##### GIVEN DATA

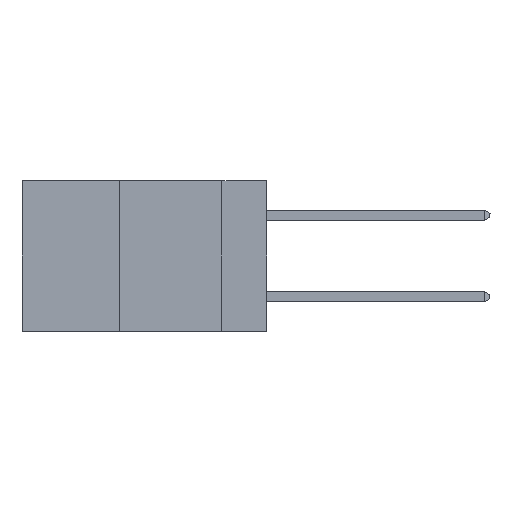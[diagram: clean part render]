
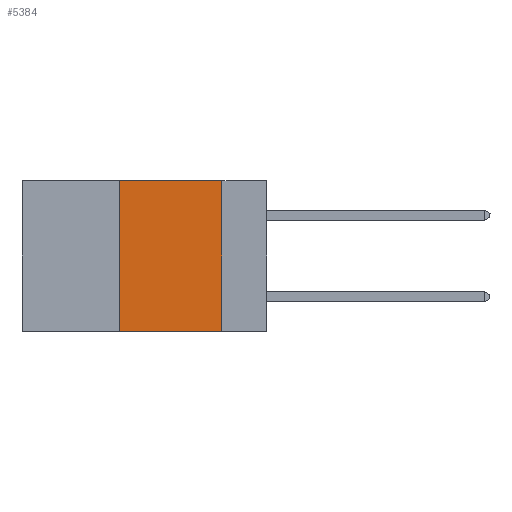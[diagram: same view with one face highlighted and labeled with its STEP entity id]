
A CAD part, left-side view. The second image highlights one B-rep face of the part: STEP entity #5384.
In plain terms, the highlighted planar face has unit normal (-1, 0, 0).
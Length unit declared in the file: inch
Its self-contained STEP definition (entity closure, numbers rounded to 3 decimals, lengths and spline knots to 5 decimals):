
#33 = EDGE_LOOP ( 'NONE', ( #14499, #4248, #11411, #13243 ) ) ;
#53 = DIRECTION ( 'NONE',  ( 0., -1., 0. ) ) ;
#418 = LINE ( 'NONE', #14309, #4543 ) ;
#489 = EDGE_CURVE ( 'NONE', #2208, #8171, #418, .T. ) ;
#653 = CARTESIAN_POINT ( 'NONE',  ( 0., 0.36, 0. ) ) ;
#1597 = DIRECTION ( 'NONE',  ( 0., 0., -1. ) ) ;
#1793 = CARTESIAN_POINT ( 'NONE',  ( 0., 0.6, 0. ) ) ;
#2115 = DIRECTION ( 'NONE',  ( 0., -1., 0. ) ) ;
#2208 = VERTEX_POINT ( 'NONE', #6661 ) ;
#4248 = ORIENTED_EDGE ( 'NONE', *, *, #19505, .F. ) ;
#4443 = LINE ( 'NONE', #18056, #4969 ) ;
#4543 = VECTOR ( 'NONE', #2115, 39.37008 ) ;
#4969 = VECTOR ( 'NONE', #7375, 39.37008 ) ;
#5384 = ADVANCED_FACE ( 'NONE', ( #10871 ), #13797, .F. ) ;
#6316 = DIRECTION ( 'NONE',  ( 1., 0., 0. ) ) ;
#6649 = AXIS2_PLACEMENT_3D ( 'NONE', #1793, #6316, #1597 ) ;
#6661 = CARTESIAN_POINT ( 'NONE',  ( 0., 0.36, -0.37 ) ) ;
#7103 = CARTESIAN_POINT ( 'NONE',  ( 0., 0.36, 0. ) ) ;
#7375 = DIRECTION ( 'NONE',  ( 0., 0., -1. ) ) ;
#8171 = VERTEX_POINT ( 'NONE', #19215 ) ;
#8793 = VERTEX_POINT ( 'NONE', #7103 ) ;
#10871 = FACE_OUTER_BOUND ( 'NONE', #33, .T. ) ;
#11093 = EDGE_CURVE ( 'NONE', #19592, #8171, #4443, .T. ) ;
#11148 = LINE ( 'NONE', #653, #16311 ) ;
#11250 = VECTOR ( 'NONE', #53, 39.37008 ) ;
#11342 = DIRECTION ( 'NONE',  ( 0., 0., 1. ) ) ;
#11411 = ORIENTED_EDGE ( 'NONE', *, *, #15542, .F. ) ;
#12253 = CARTESIAN_POINT ( 'NONE',  ( 0., 0.6, 0. ) ) ;
#13243 = ORIENTED_EDGE ( 'NONE', *, *, #489, .T. ) ;
#13797 = PLANE ( 'NONE',  #6649 ) ;
#13947 = LINE ( 'NONE', #12253, #11250 ) ;
#14309 = CARTESIAN_POINT ( 'NONE',  ( 0., 0.6, -0.37 ) ) ;
#14499 = ORIENTED_EDGE ( 'NONE', *, *, #11093, .F. ) ;
#15542 = EDGE_CURVE ( 'NONE', #2208, #8793, #11148, .T. ) ;
#15951 = CARTESIAN_POINT ( 'NONE',  ( 0., 0.11, 0. ) ) ;
#16311 = VECTOR ( 'NONE', #11342, 39.37008 ) ;
#18056 = CARTESIAN_POINT ( 'NONE',  ( 0., 0.11, 0. ) ) ;
#19215 = CARTESIAN_POINT ( 'NONE',  ( 0., 0.11, -0.37 ) ) ;
#19505 = EDGE_CURVE ( 'NONE', #8793, #19592, #13947, .T. ) ;
#19592 = VERTEX_POINT ( 'NONE', #15951 ) ;

##########

Could you give the material again exactly as it stands, omitting any image?

[diagram: clean part render]
[diagram: same view with one face highlighted and labeled with its STEP entity id]
A CAD part, left-side view. The second image highlights one B-rep face of the part: STEP entity #5384.
In plain terms, the highlighted planar face has unit normal (-1, 0, 0).
Length unit declared in the file: inch
Its self-contained STEP definition (entity closure, numbers rounded to 3 decimals, lengths and spline knots to 5 decimals):
#33 = EDGE_LOOP ( 'NONE', ( #14499, #4248, #11411, #13243 ) ) ;
#53 = DIRECTION ( 'NONE',  ( 0., -1., 0. ) ) ;
#418 = LINE ( 'NONE', #14309, #4543 ) ;
#489 = EDGE_CURVE ( 'NONE', #2208, #8171, #418, .T. ) ;
#653 = CARTESIAN_POINT ( 'NONE',  ( 0., 0.36, 0. ) ) ;
#1597 = DIRECTION ( 'NONE',  ( 0., 0., -1. ) ) ;
#1793 = CARTESIAN_POINT ( 'NONE',  ( 0., 0.6, 0. ) ) ;
#2115 = DIRECTION ( 'NONE',  ( 0., -1., 0. ) ) ;
#2208 = VERTEX_POINT ( 'NONE', #6661 ) ;
#4248 = ORIENTED_EDGE ( 'NONE', *, *, #19505, .F. ) ;
#4443 = LINE ( 'NONE', #18056, #4969 ) ;
#4543 = VECTOR ( 'NONE', #2115, 39.37008 ) ;
#4969 = VECTOR ( 'NONE', #7375, 39.37008 ) ;
#5384 = ADVANCED_FACE ( 'NONE', ( #10871 ), #13797, .F. ) ;
#6316 = DIRECTION ( 'NONE',  ( 1., 0., 0. ) ) ;
#6649 = AXIS2_PLACEMENT_3D ( 'NONE', #1793, #6316, #1597 ) ;
#6661 = CARTESIAN_POINT ( 'NONE',  ( 0., 0.36, -0.37 ) ) ;
#7103 = CARTESIAN_POINT ( 'NONE',  ( 0., 0.36, 0. ) ) ;
#7375 = DIRECTION ( 'NONE',  ( 0., 0., -1. ) ) ;
#8171 = VERTEX_POINT ( 'NONE', #19215 ) ;
#8793 = VERTEX_POINT ( 'NONE', #7103 ) ;
#10871 = FACE_OUTER_BOUND ( 'NONE', #33, .T. ) ;
#11093 = EDGE_CURVE ( 'NONE', #19592, #8171, #4443, .T. ) ;
#11148 = LINE ( 'NONE', #653, #16311 ) ;
#11250 = VECTOR ( 'NONE', #53, 39.37008 ) ;
#11342 = DIRECTION ( 'NONE',  ( 0., 0., 1. ) ) ;
#11411 = ORIENTED_EDGE ( 'NONE', *, *, #15542, .F. ) ;
#12253 = CARTESIAN_POINT ( 'NONE',  ( 0., 0.6, 0. ) ) ;
#13243 = ORIENTED_EDGE ( 'NONE', *, *, #489, .T. ) ;
#13797 = PLANE ( 'NONE',  #6649 ) ;
#13947 = LINE ( 'NONE', #12253, #11250 ) ;
#14309 = CARTESIAN_POINT ( 'NONE',  ( 0., 0.6, -0.37 ) ) ;
#14499 = ORIENTED_EDGE ( 'NONE', *, *, #11093, .F. ) ;
#15542 = EDGE_CURVE ( 'NONE', #2208, #8793, #11148, .T. ) ;
#15951 = CARTESIAN_POINT ( 'NONE',  ( 0., 0.11, 0. ) ) ;
#16311 = VECTOR ( 'NONE', #11342, 39.37008 ) ;
#18056 = CARTESIAN_POINT ( 'NONE',  ( 0., 0.11, 0. ) ) ;
#19215 = CARTESIAN_POINT ( 'NONE',  ( 0., 0.11, -0.37 ) ) ;
#19505 = EDGE_CURVE ( 'NONE', #8793, #19592, #13947, .T. ) ;
#19592 = VERTEX_POINT ( 'NONE', #15951 ) ;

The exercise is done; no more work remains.